- Opening Delimiter -

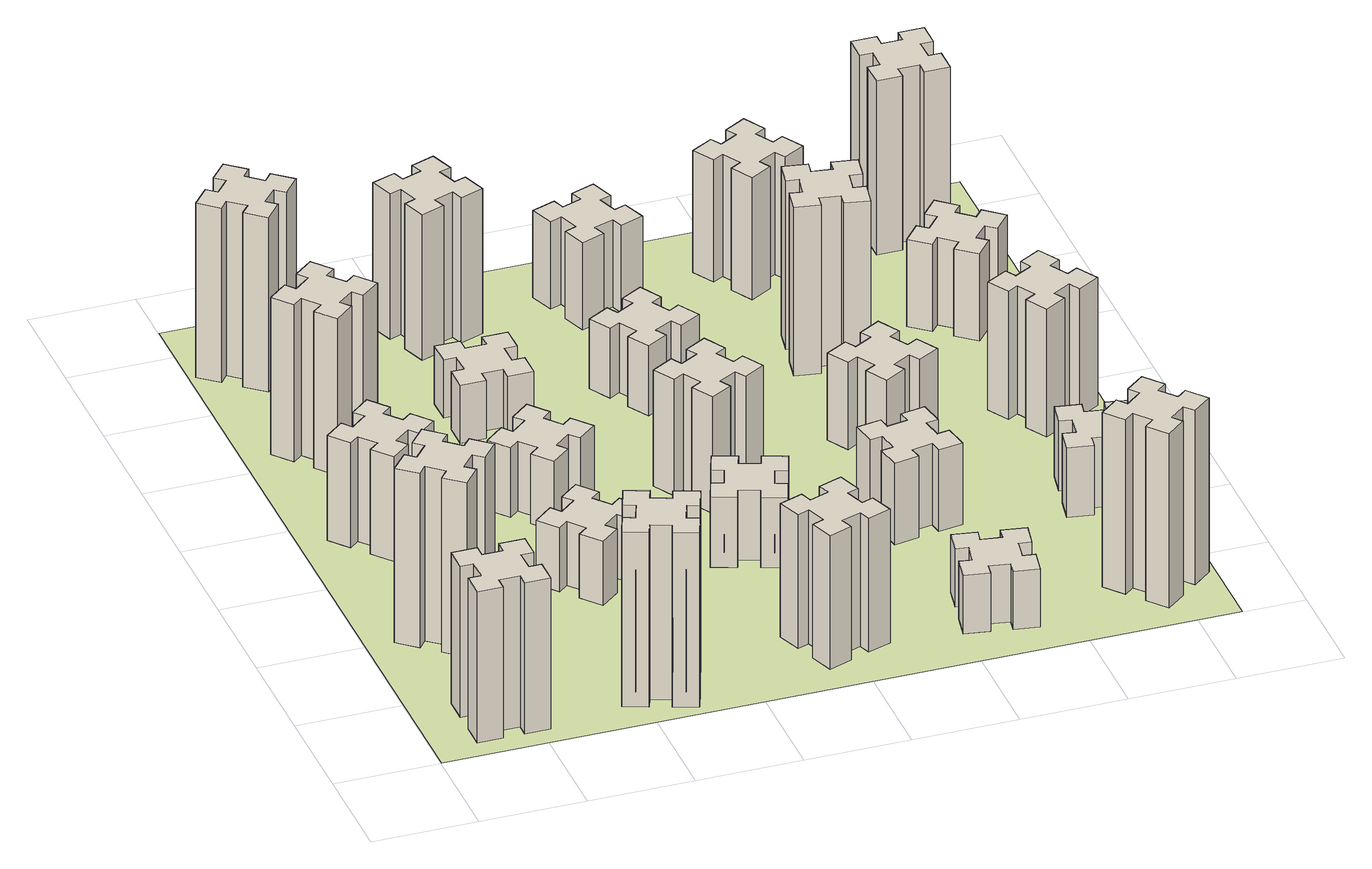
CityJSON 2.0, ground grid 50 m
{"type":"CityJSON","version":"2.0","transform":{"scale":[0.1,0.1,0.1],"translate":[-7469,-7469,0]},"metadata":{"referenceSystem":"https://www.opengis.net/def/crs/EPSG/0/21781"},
"CityObjects":{
"building1":{"type":"Building","attributes":{"class":"1000","function":"1000","usage":"1000","yearOfConstruction":2016,"roofType":"1000","measuredHeight":78,"storeysAboveGround":30,"storeysBelowGround":0},"geometry":[{"type":"Solid","lod":"1","boundaries":[[[[0,1,2,3,4,5,6,7,8,9,10,11,12,13,14,15,16,17,18,19]],[[17,16,20,21]],[[16,15,22,20]],[[15,14,23,22]],[[14,13,24,23]],[[13,12,25,24]],[[12,11,26,25]],[[11,10,27,26]],[[10,9,28,27]],[[9,8,29,28]],[[8,7,30,29]],[[7,6,31,30]],[[6,5,32,31]],[[5,4,33,32]],[[4,3,34,33]],[[3,2,35,34]],[[2,1,36,35]],[[1,0,37,36]],[[0,19,38,37]],[[19,18,39,38]],[[18,17,21,39]],[[24,25,26,27,28,29,30,31,32,33,34,35,36,37,38,39,21,20,22,23]]]]}]},
"building2":{"type":"Building","attributes":{"class":"1000","function":"1000","usage":"1000","yearOfConstruction":2016,"roofType":"1000","measuredHeight":90,"storeysAboveGround":30,"storeysBelowGround":0},"geometry":[{"type":"Solid","lod":"1","boundaries":[[[[40,41,42,43,44,45,46,47,48,49,50,51,52,53,54,55,56,57,58,59]],[[57,56,60,61]],[[56,55,62,60]],[[55,54,63,62]],[[54,53,64,63]],[[53,52,65,64]],[[52,51,66,65]],[[51,50,67,66]],[[50,49,68,67]],[[49,48,69,68]],[[48,47,70,69]],[[47,46,71,70]],[[46,45,72,71]],[[45,44,73,72]],[[44,43,74,73]],[[43,42,75,74]],[[42,41,76,75]],[[41,40,77,76]],[[40,59,78,77]],[[59,58,79,78]],[[58,57,61,79]],[[64,65,66,67,68,69,70,71,72,73,74,75,76,77,78,79,61,60,62,63]]]]}]},
"building3":{"type":"Building","attributes":{"class":"1000","function":"1000","usage":"1000","yearOfConstruction":2016,"roofType":"1000","measuredHeight":54,"storeysAboveGround":30,"storeysBelowGround":0},"geometry":[{"type":"Solid","lod":"1","boundaries":[[[[80,81,82,83,84,85,86,87,88,89,90,91,92,93,94,95,96,97,98,99]],[[97,96,100,101]],[[96,95,102,100]],[[95,94,103,102]],[[94,93,104,103]],[[93,92,105,104]],[[92,91,106,105]],[[91,90,107,106]],[[90,89,108,107]],[[89,88,109,108]],[[88,87,110,109]],[[87,86,111,110]],[[86,85,112,111]],[[85,84,113,112]],[[84,83,114,113]],[[83,82,115,114]],[[82,81,116,115]],[[81,80,117,116]],[[80,99,118,117]],[[99,98,119,118]],[[98,97,101,119]],[[104,105,106,107,108,109,110,111,112,113,114,115,116,117,118,119,101,100,102,103]]]]}]},
"building4":{"type":"Building","attributes":{"class":"1000","function":"1000","usage":"1000","yearOfConstruction":2016,"roofType":"1000","measuredHeight":81,"storeysAboveGround":30,"storeysBelowGround":0},"geometry":[{"type":"Solid","lod":"1","boundaries":[[[[120,121,122,123,124,125,126,127,128,129,130,131,132,133,134,135,136,137,138,139]],[[137,136,140,141]],[[136,135,142,140]],[[135,134,143,142]],[[134,133,144,143]],[[133,132,145,144]],[[132,131,146,145]],[[131,130,147,146]],[[130,129,148,147]],[[129,128,149,148]],[[128,127,150,149]],[[127,126,151,150]],[[126,125,152,151]],[[125,124,153,152]],[[124,123,154,153]],[[123,122,155,154]],[[122,121,156,155]],[[121,120,157,156]],[[120,139,158,157]],[[139,138,159,158]],[[138,137,141,159]],[[144,145,146,147,148,149,150,151,152,153,154,155,156,157,158,159,141,140,142,143]]]]}]},
"building5":{"type":"Building","attributes":{"class":"1000","function":"1000","usage":"1000","yearOfConstruction":2016,"roofType":"1000","measuredHeight":90,"storeysAboveGround":30,"storeysBelowGround":0},"geometry":[{"type":"Solid","lod":"1","boundaries":[[[[160,161,162,163,164,165,166,167,168,169,170,171,172,173,174,175,176,177,178,179]],[[177,176,180,181]],[[176,175,182,180]],[[175,174,183,182]],[[174,173,184,183]],[[173,172,185,184]],[[172,171,186,185]],[[171,170,187,186]],[[170,169,188,187]],[[169,168,189,188]],[[168,167,190,189]],[[167,166,191,190]],[[166,165,192,191]],[[165,164,193,192]],[[164,163,194,193]],[[163,162,195,194]],[[162,161,196,195]],[[161,160,197,196]],[[160,179,198,197]],[[179,178,199,198]],[[178,177,181,199]],[[184,185,186,187,188,189,190,191,192,193,194,195,196,197,198,199,181,180,182,183]]]]}]},
"building6":{"type":"Building","attributes":{"class":"1000","function":"1000","usage":"1000","yearOfConstruction":2016,"roofType":"1000","measuredHeight":90,"storeysAboveGround":30,"storeysBelowGround":0},"geometry":[{"type":"Solid","lod":"1","boundaries":[[[[200,201,202,203,204,205,206,207,208,209,210,211,212,213,214,215,216,217,218,219]],[[217,216,220,221]],[[216,215,222,220]],[[215,214,223,222]],[[214,213,224,223]],[[213,212,225,224]],[[212,211,226,225]],[[211,210,227,226]],[[210,209,228,227]],[[209,208,229,228]],[[208,207,230,229]],[[207,206,231,230]],[[206,205,232,231]],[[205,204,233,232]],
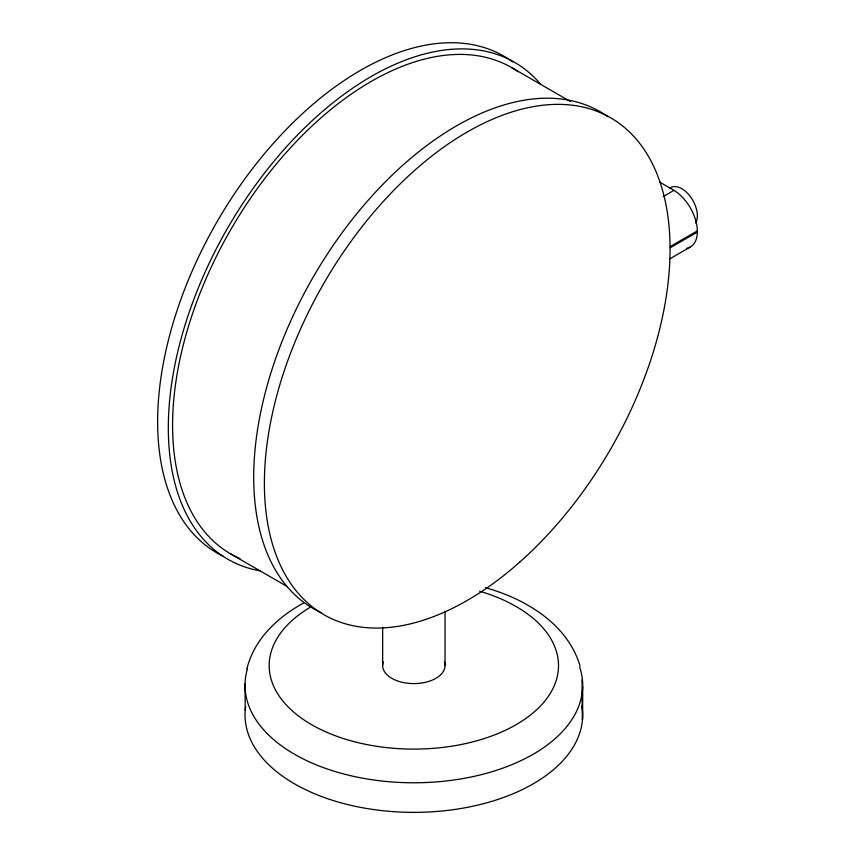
<?xml version="1.0" encoding="UTF-8"?>
<svg xmlns="http://www.w3.org/2000/svg" width="855" height="855" viewBox="0 0 855 855"><rect width="100%" height="100%" fill="white"/><g stroke="black" fill="none" stroke-linecap="round" stroke-linejoin="round"><path stroke-width="1.28" d="M582.65 686.661L582.469 719.579L582.373 679.543L582.426 709.661M246.903 668.867C254.021 639.422 277.608 617.107 303.472 603.096M663.138 196.597L673.964 190.344A33.858 19.547 60 0 1 696.43 223.262A33.858 19.547 60 0 1 686.661 248.335M670.288 246.507L697.37 230.871L697.37 232.1L670.288 247.726M669.572 258.99L690.359 246.977M485.512 587.695C525.579 598.917 567.56 623.861 580.064 666.045M511.547 67.556L570.403 101.542M659.782 182.158L673.964 190.344M230.732 553.933L287.291 586.583M245.032 683.957L245.214 710.206M445.038 611.485L445.038 665.585M382.645 627.314L382.645 665.585M669.647 188.346A22.07 12.74 60 0 1 690.306 196.554A22.07 12.74 60 0 1 695.617 222.973M321.33 612.693A286.853 165.614 -60 0 1 313.122 277.244A286.853 165.614 -60 0 1 607.734 116.633M260.155 570.862A286.853 165.614 -60 0 1 227.719 227.943A286.853 165.614 -60 0 1 540.916 84.57M222.856 556.103A286.853 165.614 -60 0 1 218.762 218.816A286.853 165.614 -60 0 1 512.733 61.934M239.956 558.604A280.814 162.129 -60 0 1 229.621 231.62A280.814 162.129 -60 0 1 518.087 71.702M581.945 705.909A168.82 97.47 0 0 1 414.397 812.368A168.82 97.47 0 0 1 245.642 706.551M579.669 667.028A168.82 97.47 0 0 1 415.562 782.774A168.82 97.47 0 0 1 247.405 668.984M479.591 591.19A144.666 83.523 0 0 1 535.283 710.986A144.666 83.523 0 0 1 323.169 730.662A144.666 83.523 0 0 1 311.028 606.826M444.376 661.898A31.197 18.008 0 0 1 413.841 683.594A31.197 18.008 0 0 1 383.307 661.898M519.722 562.141A286.853 165.614 -60 0 0 610.652 117.798A286.853 165.614 -60 0 0 271.302 418.715A286.853 165.614 -60 0 0 519.722 562.141"/></g></svg>

- Closing Delimiter -

Read through the data and copy every line where "CityJSON" shows up.

CityJSON 2.0, ground grid 50 m
{"type":"CityJSON","version":"2.0","transform":{"scale":[0.1,0.1,0.1],"translate":[-7469,-7469,0]},"metadata":{"referenceSystem":"https://www.opengis.net/def/crs/EPSG/0/21781"},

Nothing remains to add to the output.